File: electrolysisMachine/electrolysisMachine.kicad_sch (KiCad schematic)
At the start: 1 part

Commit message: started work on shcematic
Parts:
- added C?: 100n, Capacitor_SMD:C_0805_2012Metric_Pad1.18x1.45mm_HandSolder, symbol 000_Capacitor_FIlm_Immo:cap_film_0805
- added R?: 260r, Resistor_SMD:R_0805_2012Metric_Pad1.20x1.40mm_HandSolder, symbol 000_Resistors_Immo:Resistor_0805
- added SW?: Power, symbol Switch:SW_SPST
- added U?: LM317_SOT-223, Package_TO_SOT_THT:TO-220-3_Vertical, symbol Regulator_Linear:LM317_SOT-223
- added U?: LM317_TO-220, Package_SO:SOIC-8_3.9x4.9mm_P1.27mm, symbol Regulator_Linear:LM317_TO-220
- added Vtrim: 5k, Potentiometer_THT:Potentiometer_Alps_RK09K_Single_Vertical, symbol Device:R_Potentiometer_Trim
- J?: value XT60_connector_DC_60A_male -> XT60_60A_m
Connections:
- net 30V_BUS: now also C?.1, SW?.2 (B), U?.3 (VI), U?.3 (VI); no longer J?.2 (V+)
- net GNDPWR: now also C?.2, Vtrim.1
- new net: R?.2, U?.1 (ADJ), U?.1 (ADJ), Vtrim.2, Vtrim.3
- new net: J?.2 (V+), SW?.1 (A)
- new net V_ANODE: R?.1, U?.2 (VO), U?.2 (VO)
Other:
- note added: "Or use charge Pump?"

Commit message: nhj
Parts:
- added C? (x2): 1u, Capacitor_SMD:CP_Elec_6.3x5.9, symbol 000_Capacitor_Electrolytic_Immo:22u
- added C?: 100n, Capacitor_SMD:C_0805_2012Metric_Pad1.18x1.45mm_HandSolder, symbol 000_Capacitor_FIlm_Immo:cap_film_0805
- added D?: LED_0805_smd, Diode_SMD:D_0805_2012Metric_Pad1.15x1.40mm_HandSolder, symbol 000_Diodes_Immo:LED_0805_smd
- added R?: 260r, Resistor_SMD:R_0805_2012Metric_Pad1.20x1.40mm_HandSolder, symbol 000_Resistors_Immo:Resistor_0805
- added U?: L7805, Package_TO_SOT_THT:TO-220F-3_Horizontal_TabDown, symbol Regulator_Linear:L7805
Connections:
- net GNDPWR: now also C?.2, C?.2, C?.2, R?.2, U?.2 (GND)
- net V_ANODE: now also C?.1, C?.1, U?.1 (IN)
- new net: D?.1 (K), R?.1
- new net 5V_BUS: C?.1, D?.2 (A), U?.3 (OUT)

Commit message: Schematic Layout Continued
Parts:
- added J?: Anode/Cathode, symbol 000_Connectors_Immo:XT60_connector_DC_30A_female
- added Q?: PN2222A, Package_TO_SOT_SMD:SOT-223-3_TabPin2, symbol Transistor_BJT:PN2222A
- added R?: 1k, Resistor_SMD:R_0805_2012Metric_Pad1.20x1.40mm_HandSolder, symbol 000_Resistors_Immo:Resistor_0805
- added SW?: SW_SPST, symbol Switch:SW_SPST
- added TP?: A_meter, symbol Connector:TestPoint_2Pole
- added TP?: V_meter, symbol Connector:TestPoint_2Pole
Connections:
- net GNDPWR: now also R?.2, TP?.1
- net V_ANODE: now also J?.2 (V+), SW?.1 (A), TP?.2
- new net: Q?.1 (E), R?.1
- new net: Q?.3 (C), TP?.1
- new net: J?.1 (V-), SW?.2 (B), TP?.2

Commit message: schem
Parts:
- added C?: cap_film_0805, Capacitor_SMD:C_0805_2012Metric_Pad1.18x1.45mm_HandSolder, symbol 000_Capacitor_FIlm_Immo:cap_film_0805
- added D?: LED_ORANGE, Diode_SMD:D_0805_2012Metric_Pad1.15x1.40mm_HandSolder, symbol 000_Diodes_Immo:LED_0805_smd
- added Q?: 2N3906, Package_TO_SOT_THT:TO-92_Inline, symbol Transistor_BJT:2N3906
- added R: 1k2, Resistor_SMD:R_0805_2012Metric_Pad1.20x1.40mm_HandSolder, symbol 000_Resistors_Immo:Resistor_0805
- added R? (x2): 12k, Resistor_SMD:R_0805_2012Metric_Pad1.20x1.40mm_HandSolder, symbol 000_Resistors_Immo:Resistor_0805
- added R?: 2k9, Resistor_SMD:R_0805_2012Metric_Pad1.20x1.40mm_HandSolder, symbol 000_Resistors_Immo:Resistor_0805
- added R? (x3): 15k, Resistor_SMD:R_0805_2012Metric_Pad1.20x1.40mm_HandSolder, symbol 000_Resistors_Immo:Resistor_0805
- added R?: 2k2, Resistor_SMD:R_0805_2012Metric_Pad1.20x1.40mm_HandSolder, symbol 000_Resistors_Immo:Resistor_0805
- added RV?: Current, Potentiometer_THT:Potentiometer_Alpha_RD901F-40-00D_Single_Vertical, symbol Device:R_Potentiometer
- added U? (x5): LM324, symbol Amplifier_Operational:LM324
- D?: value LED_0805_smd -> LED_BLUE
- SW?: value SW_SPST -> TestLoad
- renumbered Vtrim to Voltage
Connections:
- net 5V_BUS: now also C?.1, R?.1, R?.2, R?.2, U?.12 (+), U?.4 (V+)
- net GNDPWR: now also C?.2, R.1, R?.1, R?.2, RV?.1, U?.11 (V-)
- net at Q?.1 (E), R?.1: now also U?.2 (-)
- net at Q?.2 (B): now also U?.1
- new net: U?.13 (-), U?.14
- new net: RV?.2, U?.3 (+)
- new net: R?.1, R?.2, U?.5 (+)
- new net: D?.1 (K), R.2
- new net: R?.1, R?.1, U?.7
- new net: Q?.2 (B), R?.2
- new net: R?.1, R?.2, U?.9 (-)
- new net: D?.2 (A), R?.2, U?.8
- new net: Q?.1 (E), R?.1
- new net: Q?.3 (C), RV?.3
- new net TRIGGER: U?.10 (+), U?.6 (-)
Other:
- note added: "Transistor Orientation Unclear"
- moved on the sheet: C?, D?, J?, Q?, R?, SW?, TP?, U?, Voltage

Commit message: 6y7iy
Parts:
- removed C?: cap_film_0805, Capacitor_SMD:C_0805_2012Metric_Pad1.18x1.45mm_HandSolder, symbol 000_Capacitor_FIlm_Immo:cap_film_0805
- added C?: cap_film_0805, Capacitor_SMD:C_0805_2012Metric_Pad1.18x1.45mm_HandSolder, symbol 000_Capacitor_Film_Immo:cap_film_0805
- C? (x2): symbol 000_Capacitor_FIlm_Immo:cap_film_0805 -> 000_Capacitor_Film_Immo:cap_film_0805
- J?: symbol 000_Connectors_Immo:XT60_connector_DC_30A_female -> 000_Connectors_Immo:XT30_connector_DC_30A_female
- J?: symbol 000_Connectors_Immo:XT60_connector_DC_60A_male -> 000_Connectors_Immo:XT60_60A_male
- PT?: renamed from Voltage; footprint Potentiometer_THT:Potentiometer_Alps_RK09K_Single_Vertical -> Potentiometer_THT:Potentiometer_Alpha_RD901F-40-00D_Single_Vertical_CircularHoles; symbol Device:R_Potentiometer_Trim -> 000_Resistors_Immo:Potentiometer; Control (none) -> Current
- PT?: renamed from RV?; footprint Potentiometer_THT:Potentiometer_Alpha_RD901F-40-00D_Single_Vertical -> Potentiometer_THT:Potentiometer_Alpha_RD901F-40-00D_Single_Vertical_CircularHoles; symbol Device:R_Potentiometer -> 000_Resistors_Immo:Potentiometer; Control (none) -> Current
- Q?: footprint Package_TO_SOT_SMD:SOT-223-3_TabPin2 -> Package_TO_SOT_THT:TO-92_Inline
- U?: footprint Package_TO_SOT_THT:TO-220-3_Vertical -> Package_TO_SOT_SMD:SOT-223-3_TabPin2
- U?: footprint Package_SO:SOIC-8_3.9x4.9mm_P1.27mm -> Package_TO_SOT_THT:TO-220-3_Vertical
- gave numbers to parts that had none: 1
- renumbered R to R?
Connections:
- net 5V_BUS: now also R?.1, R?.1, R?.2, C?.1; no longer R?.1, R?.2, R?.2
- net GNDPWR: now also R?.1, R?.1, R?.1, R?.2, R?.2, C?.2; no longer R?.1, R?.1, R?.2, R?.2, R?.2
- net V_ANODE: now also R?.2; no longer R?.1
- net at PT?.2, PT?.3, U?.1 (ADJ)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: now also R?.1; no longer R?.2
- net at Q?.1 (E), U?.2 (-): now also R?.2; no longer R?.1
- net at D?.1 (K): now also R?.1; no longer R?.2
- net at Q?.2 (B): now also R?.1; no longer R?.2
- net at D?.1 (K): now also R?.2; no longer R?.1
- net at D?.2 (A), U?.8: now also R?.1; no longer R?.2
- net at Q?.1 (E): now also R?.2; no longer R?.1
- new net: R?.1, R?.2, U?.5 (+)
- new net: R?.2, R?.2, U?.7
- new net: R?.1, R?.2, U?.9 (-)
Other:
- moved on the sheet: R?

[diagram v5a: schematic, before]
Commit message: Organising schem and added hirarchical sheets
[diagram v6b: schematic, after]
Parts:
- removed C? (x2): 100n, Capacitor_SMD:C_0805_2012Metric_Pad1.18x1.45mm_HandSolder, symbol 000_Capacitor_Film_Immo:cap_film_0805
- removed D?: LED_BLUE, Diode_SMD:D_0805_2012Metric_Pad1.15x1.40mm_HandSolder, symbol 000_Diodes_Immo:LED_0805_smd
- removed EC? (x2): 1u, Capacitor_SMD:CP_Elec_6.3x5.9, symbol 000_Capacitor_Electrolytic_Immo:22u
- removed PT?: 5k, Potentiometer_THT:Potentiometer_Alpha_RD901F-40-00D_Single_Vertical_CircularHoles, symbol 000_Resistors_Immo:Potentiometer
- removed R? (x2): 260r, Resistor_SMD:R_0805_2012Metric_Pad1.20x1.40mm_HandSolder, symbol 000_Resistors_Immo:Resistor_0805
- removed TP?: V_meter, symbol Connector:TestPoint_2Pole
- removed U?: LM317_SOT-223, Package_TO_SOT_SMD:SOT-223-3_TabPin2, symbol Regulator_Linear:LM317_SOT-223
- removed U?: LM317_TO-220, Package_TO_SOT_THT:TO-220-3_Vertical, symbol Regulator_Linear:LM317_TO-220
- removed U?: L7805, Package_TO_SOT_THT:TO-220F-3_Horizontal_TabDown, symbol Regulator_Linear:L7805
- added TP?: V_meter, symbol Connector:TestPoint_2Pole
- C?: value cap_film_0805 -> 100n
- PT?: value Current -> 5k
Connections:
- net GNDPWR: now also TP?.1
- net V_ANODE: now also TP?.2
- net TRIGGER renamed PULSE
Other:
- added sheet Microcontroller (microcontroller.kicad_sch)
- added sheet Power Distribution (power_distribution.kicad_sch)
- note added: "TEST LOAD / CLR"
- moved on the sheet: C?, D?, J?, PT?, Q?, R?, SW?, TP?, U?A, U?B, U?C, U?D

### [WHAT YOU HAVE TO DO]
Begin at the line that has "- J?: symbol 000_Connectors_Immo:XT60_connector_DC_30A_female" in the entries above; stop after the line that has "- J?: symbol 000_Connectors_Immo:XT60_connector_DC_60A_male". Transcribe exactly those lines and no others.

### [EXPECTED OUTPUT]
- J?: symbol 000_Connectors_Immo:XT60_connector_DC_30A_female -> 000_Connectors_Immo:XT30_connector_DC_30A_female
- J?: symbol 000_Connectors_Immo:XT60_connector_DC_60A_male -> 000_Connectors_Immo:XT60_60A_male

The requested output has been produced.